Decompose batches of images into non-overlapping square blocks of length patch_size, performs a DCT-II on each block, and then

blockwise_idct

Decompose batches of images into non-overlapping square blocks of length patch_size, performs an inverse DCT-II on each block, and

calculate_block_avg_colors

Calculate the average pixel-space value of each image and channel per patch on a given tensor.

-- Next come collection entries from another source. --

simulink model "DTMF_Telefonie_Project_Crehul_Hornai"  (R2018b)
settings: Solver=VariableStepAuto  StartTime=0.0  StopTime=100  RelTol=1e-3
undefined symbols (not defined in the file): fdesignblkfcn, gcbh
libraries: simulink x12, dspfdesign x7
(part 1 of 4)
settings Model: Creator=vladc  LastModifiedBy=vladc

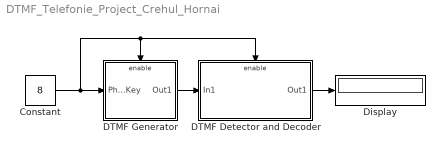
== system DTMF_Telefonie_Project_Crehul_Hornai ==
  Constant : Constant  Value=8  SampleTime=0.00001
  DTMF Detector and Decoder : Subsystem
  DTMF Generator : Subsystem
  Display : Display
      settings: Format=decimal (Stored Integer)
  wires:
  Constant/1 -> DTMF Detector and Decoder/Enable, DTMF Generator/Enable, DTMF Generator/1(PhoneKey)
  DTMF Generator/1(Out1) -> DTMF Detector and Decoder/1(In1)
  DTMF Detector and Decoder/1(Out1) -> Display/1

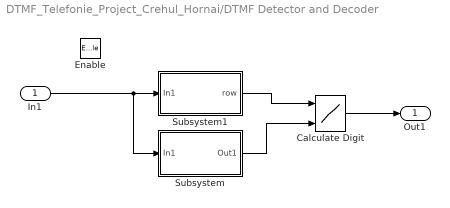
== system DTMF_Telefonie_Project_Crehul_Hornai/DTMF Detector and Decoder ==
  In1 : Inport
  Enable : EnablePort
  Calculate Digit : Lookup_n-D  BreakpointsForDimension1=[1:4]  BreakpointsForDimension2=[1:3]  Table=[1 2 3;4 5 6;7 8 9;10 0 11]  ExtrapMethod=Clip  SaturateOnIntegerOverflow=on  InputSameDT=on
  Subsystem : Subsystem
  Subsystem1 : Subsystem
  Out1 : Outport
  wires:
  In1/1 -> Subsystem/1(In1), Subsystem1/1(In1)
  Calculate Digit/1 -> Out1/1
  Subsystem1/1(row) -> Calculate Digit/1
  Subsystem/1(Out1) -> Calculate Digit/2

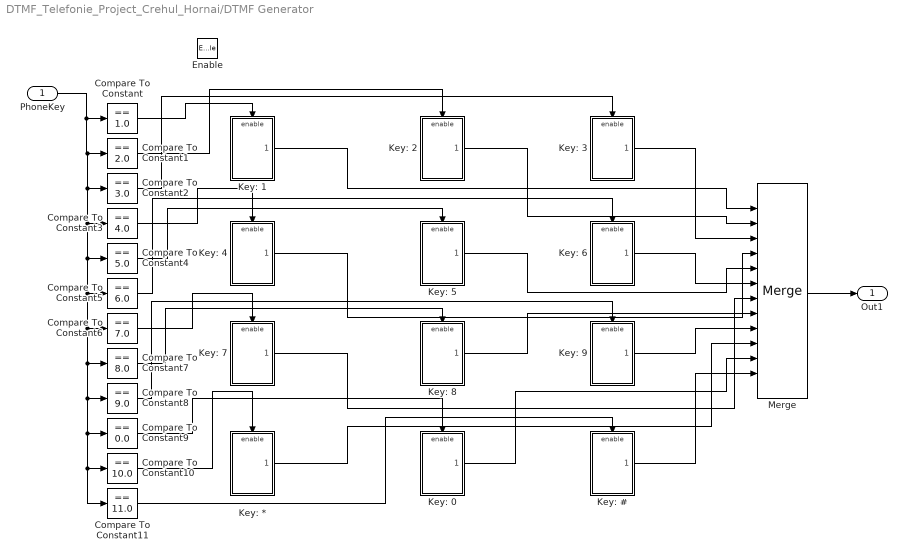
== system DTMF_Telefonie_Project_Crehul_Hornai/DTMF Generator ==
  PhoneKey : Inport
  Enable : EnablePort
  Compare To Constant : simulink/Logic and Bit Operations/Compare To Constant  relop===  const=1.0  OutDataTypeStr=boolean
  Compare To Constant1 : simulink/Logic and Bit Operations/Compare To Constant  relop===  const=2.0  OutDataTypeStr=boolean
  Compare To Constant10 : simulink/Logic and Bit Operations/Compare To Constant  relop===  const=10.0  OutDataTypeStr=boolean
  Compare To Constant11 : simulink/Logic and Bit Operations/Compare To Constant  relop===  const=11.0  OutDataTypeStr=boolean
  Compare To Constant2 : simulink/Logic and Bit Operations/Compare To Constant  relop===  const=3.0  OutDataTypeStr=boolean
  Compare To Constant3 : simulink/Logic and Bit Operations/Compare To Constant  relop===  const=4.0  OutDataTypeStr=boolean
  Compare To Constant4 : simulink/Logic and Bit Operations/Compare To Constant  relop===  const=5.0  OutDataTypeStr=boolean
  Compare To Constant5 : simulink/Logic and Bit Operations/Compare To Constant  relop===  const=6.0  OutDataTypeStr=boolean
  Compare To Constant6 : simulink/Logic and Bit Operations/Compare To Constant  relop===  const=7.0  OutDataTypeStr=boolean
  Compare To Constant7 : simulink/Logic and Bit Operations/Compare To Constant  relop===  const=8.0  OutDataTypeStr=boolean
  Compare To Constant8 : simulink/Logic and Bit Operations/Compare To Constant  relop===  const=9.0  OutDataTypeStr=boolean
  Compare To Constant9 : simulink/Logic and Bit Operations/Compare To Constant  relop===  const=0.0  OutDataTypeStr=boolean
  Key: # : Subsystem
  Key: * : Subsystem
  Key: 0 : Subsystem
  Key: 1 : Subsystem
  Key: 2 : Subsystem
  Key: 3 : Subsystem
  Key: 4 : Subsystem
  Key: 5 : Subsystem
  Key: 6 : Subsystem
  Key: 7 : Subsystem
  Key: 8 : Subsystem
  Key: 9 : Subsystem
  Merge : Merge  Inputs=12
  Out1 : Outport
  wires:
  Key: 7/1(Out_Button_3) -> Merge/7
  PhoneKey/1 -> Compare To Constant11/1, Compare To Constant10/1, Compare To Constant9/1, Compare To Constant8/1, Compare To Constant7/1, Compare To Constant6/1, Compare To Constant5/1, Compare To Constant4/1, Compare To Constant3/1, Compare To Constant2/1, Compare To Constant1/1, Compare To Constant/1
  Compare To Constant6/1 -> Key: 7/Enable
  Key: 1/1(Out_Button_1) -> Merge/1
  Merge/1 -> Out1/1
  Compare To Constant3/1 -> Key: 4/Enable
  Key: 3/1(Out_Button_8) -> Merge/3
  Key: 8/1(Out_Button_7) -> Merge/8
  Compare To Constant4/1 -> Key: 5/Enable
  Key: 0/1(Out_Button_9) -> Merge/11
  Compare To Constant11/1 -> Key: #/Enable
  Compare To Constant/1 -> Key: 1/Enable
  Compare To Constant2/1 -> Key: 3/Enable
  Key: 9/1(Out_Button_11) -> Merge/9
  Compare To Constant9/1 -> Key: 0/Enable
  Compare To Constant10/1 -> Key: */Enable
  Key: 5/1(Out_Button_6) -> Merge/5
  Key: 2/1(Out_Button_5) -> Merge/2
  Key: 6/1(Out_Button_10) -> Merge/6
  Compare To Constant7/1 -> Key: 8/Enable
  Key: */1(Out_Button_4) -> Merge/10
  Compare To Constant5/1 -> Key: 6/Enable
  Compare To Constant8/1 -> Key: 9/Enable
  Compare To Constant1/1 -> Key: 2/Enable
  Key: #/1(Out_Button_12) -> Merge/12
  Key: 4/1(Out_Button_2) -> Merge/4

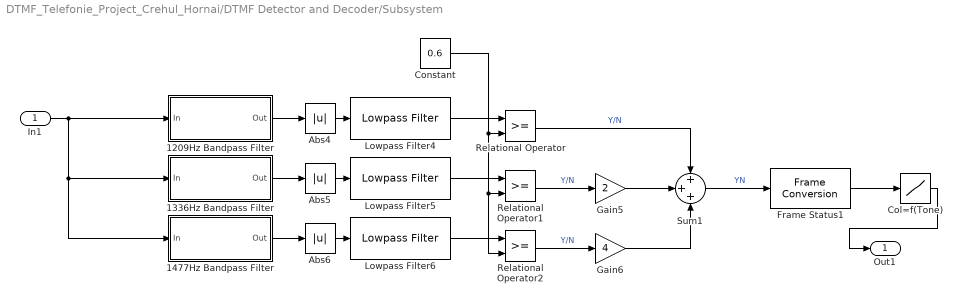
== system DTMF_Telefonie_Project_Crehul_Hornai/DTMF Detector and Decoder/Subsystem ==
  In1 : Inport
  1209Hz Bandpass Filter : Subsystem  DialogController=fdesignblkfcn  InitFcn=fdesignblkfcn(gcbh, {'InitFcn'});  mask(Bandpass Filter){}
      mask help: Design a bandpass filter
      settings: CopyFcn=fdesignblkfcn(gcbh, {'CopyFcn'});
      mask Help: helpview(mapfilelocation('dsp'), 'dspbandpassfilter');
      mask Display: disp('Bandpass');
  1336Hz Bandpass Filter : Subsystem  DialogController=fdesignblkfcn  InitFcn=fdesignblkfcn(gcbh, {'InitFcn'});  mask(Bandpass Filter){}
      mask help: Design a bandpass filter
      settings: CopyFcn=fdesignblkfcn(gcbh, {'CopyFcn'});
      mask Help: helpview(mapfilelocation('dsp'), 'dspbandpassfilter');
      mask Display: disp('Bandpass');
  1477Hz Bandpass Filter : Subsystem  DialogController=fdesignblkfcn  InitFcn=fdesignblkfcn(gcbh, {'InitFcn'});  mask(Bandpass Filter){}
      mask help: Design a bandpass filter
      settings: CopyFcn=fdesignblkfcn(gcbh, {'CopyFcn'});
      mask Help: helpview(mapfilelocation('dsp'), 'dspbandpassfilter');
      mask Display: disp('Bandpass');
  Abs4 : Abs
  Abs5 : Abs
  Abs6 : Abs
  Col=f(Tone) : Lookup_n-D  NumberOfTableDimensions=1  BreakpointsForDimension1=[0:7]  Table=[0 1 2 0 3 0 0 0]  ExtrapMethod=Clip  SaturateOnIntegerOverflow=on  InputSameDT=on
  Constant : Constant  Value=0.6
  Frame Status1 : FrameConversion  OutFrame=Sample-based
  Gain5 : Gain  Gain=2
  Gain6 : Gain  Gain=4
  Lowpass Filter4 : dspfdesign/Lowpass Filter  FilterType=FIR  DesignForMinimumOrder=on  FilterOrder=50  PassbandFrequency=100  StopbandFrequency=130  PassbandRipple=0.1  StopbandAttenuation=80  InheritSampleRate=on  SampleRate=44100  SimulateUsing=Interpreted execution  roundingMode=Floor  coeffsDataTypeStr=fixdt(1,16)
  Lowpass Filter5 : dspfdesign/Lowpass Filter  FilterType=FIR  DesignForMinimumOrder=on  FilterOrder=50  PassbandFrequency=100  StopbandFrequency=130  PassbandRipple=0.1  StopbandAttenuation=80  InheritSampleRate=on  SampleRate=44100  SimulateUsing=Interpreted execution  roundingMode=Floor  coeffsDataTypeStr=fixdt(1,16)
  Lowpass Filter6 : dspfdesign/Lowpass Filter  FilterType=FIR  DesignForMinimumOrder=on  FilterOrder=50  PassbandFrequency=100  StopbandFrequency=130  PassbandRipple=0.1  StopbandAttenuation=80  InheritSampleRate=on  SampleRate=44100  SimulateUsing=Interpreted execution  roundingMode=Floor  coeffsDataTypeStr=fixdt(1,16)
  Relational Operator : RelationalOperator  RndMeth=Nearest  InputSameDT=on
  Relational Operator1 : RelationalOperator  RndMeth=Nearest  InputSameDT=on
  Relational Operator2 : RelationalOperator  RndMeth=Nearest  InputSameDT=on
  Sum1 : Sum  Inputs=+++
  Out1 : Outport
  wires:
  Abs4/1 -> Lowpass Filter4/1
  1336Hz Bandpass Filter/1(Out) -> Abs5/1
  In1/1 -> 1477Hz Bandpass Filter/1(In), 1336Hz Bandpass Filter/1(In), 1209Hz Bandpass Filter/1(In)
  Abs6/1 -> Lowpass Filter6/1
  Abs5/1 -> Lowpass Filter5/1
  1209Hz Bandpass Filter/1(Out) -> Abs4/1
  1477Hz Bandpass Filter/1(Out) -> Abs6/1
  Gain5/1 -> Sum1/2
  Gain6/1 -> Sum1/3
  Sum1/1 -> Frame Status1/1  "YN"
  Frame Status1/1 -> Col=f(Tone)/1
  Col=f(Tone)/1 -> Out1/1
  Lowpass Filter4/1 -> Relational Operator/1
  Lowpass Filter5/1 -> Relational Operator1/1
  Lowpass Filter6/1 -> Relational Operator2/1
  Constant/1 -> Relational Operator2/2, Relational Operator1/2, Relational Operator/2
  Relational Operator/1 -> Sum1/1  "Y/N"
  Relational Operator1/1 -> Gain5/1  "Y/N"
  Relational Operator2/1 -> Gain6/1  "Y/N"

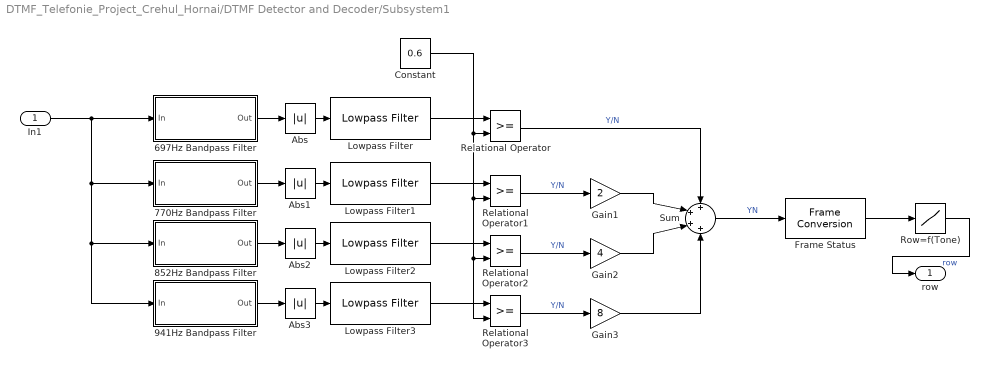
== system DTMF_Telefonie_Project_Crehul_Hornai/DTMF Detector and Decoder/Subsystem1 ==
  In1 : Inport
  697Hz Bandpass Filter : Subsystem  DialogController=fdesignblkfcn  InitFcn=fdesignblkfcn(gcbh, {'InitFcn'});  mask(Bandpass Filter){}
      mask help: Design a bandpass filter
      settings: CopyFcn=fdesignblkfcn(gcbh, {'CopyFcn'});
      mask Help: helpview(mapfilelocation('dsp'), 'dspbandpassfilter');
      mask Display: disp('Bandpass');
  770Hz Bandpass Filter : Subsystem  DialogController=fdesignblkfcn  InitFcn=fdesignblkfcn(gcbh, {'InitFcn'});  mask(Bandpass Filter){}
      mask help: Design a bandpass filter
      settings: CopyFcn=fdesignblkfcn(gcbh, {'CopyFcn'});
      mask Help: helpview(mapfilelocation('dsp'), 'dspbandpassfilter');
      mask Display: disp('Bandpass');
  852Hz Bandpass Filter : Subsystem  DialogController=fdesignblkfcn  InitFcn=fdesignblkfcn(gcbh, {'InitFcn'});  mask(Bandpass Filter){}
      mask help: Design a bandpass filter
      settings: CopyFcn=fdesignblkfcn(gcbh, {'CopyFcn'});
      mask Help: helpview(mapfilelocation('dsp'), 'dspbandpassfilter');
      mask Display: disp('Bandpass');
  941Hz Bandpass Filter : Subsystem  DialogController=fdesignblkfcn  InitFcn=fdesignblkfcn(gcbh, {'InitFcn'});  mask(Bandpass Filter){}
      mask help: Design a bandpass filter
      settings: CopyFcn=fdesignblkfcn(gcbh, {'CopyFcn'});
      mask Help: helpview(mapfilelocation('dsp'), 'dspbandpassfilter');
      mask Display: disp('Bandpass');
  Abs{,1..3} (4 alike) : Abs
  Constant : Constant  Value=0.6
  Frame Status : FrameConversion  OutFrame=Sample-based
  Gain1 : Gain  Gain=2
  Gain2 : Gain  Gain=4
  Gain3 : Gain  Gain=8
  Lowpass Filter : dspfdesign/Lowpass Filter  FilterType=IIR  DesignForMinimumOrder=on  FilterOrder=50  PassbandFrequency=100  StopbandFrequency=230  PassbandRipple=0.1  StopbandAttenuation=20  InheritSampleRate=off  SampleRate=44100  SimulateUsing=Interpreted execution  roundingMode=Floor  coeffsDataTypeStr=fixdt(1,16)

set_block_average_colors_on_tensor

Replace the (0, 0) mode of each input per image per patch per channel with the supplied block_avg_colors tensor.

blockwise_dct

blockwise_dct(input: Tensor, patch_size: tuple, image_size: tuple) -> <class 'torch.Tensor'>

Decompose batches of images into non-overlapping square blocks of length patch_size, performs a DCT-II on each block, and then reshape the blocks back into a single image-like tensor of shape image_size.

Notes

The transformations supplied by torchjpeg are orthogonal.

Parameters:

Name Type Description Default

input

Tensor

The tensor to be transformed.

required

patch_size

tuple

The length of the square blocks to apply the DCT-II to.

required

image_size

tuple

The original to transform the non-overlapping blocks to.

required

Returns:

Type Description
<class 'torch.Tensor'>

A tensor which has been block transformed by DCT-II.

blockwise_idct

blockwise_idct(input: Tensor, patch_size: tuple, image_size: tuple) -> <class 'torch.Tensor'>

Decompose batches of images into non-overlapping square blocks of length patch_size, performs an inverse DCT-II on each block, and then reshape the blocks back into a single image-like tensor of shape image_size.

Notes

The inverse of DCT-II is DCT-III. The transformations supplied by torchjpeg are orthogonal.

Parameters:

Name Type Description Default

input

Tensor

The tensor to be transformed.

required

patch_size

tuple

The length of the square blocks to apply the inverse DCT-II to.

required

image_size

tuple

The tensor shape to transform the non-overlapping blocks to.

required

Returns:

Type Description
<class 'torch.Tensor'>

A tensor which has been block transformed by inverse DCT-II.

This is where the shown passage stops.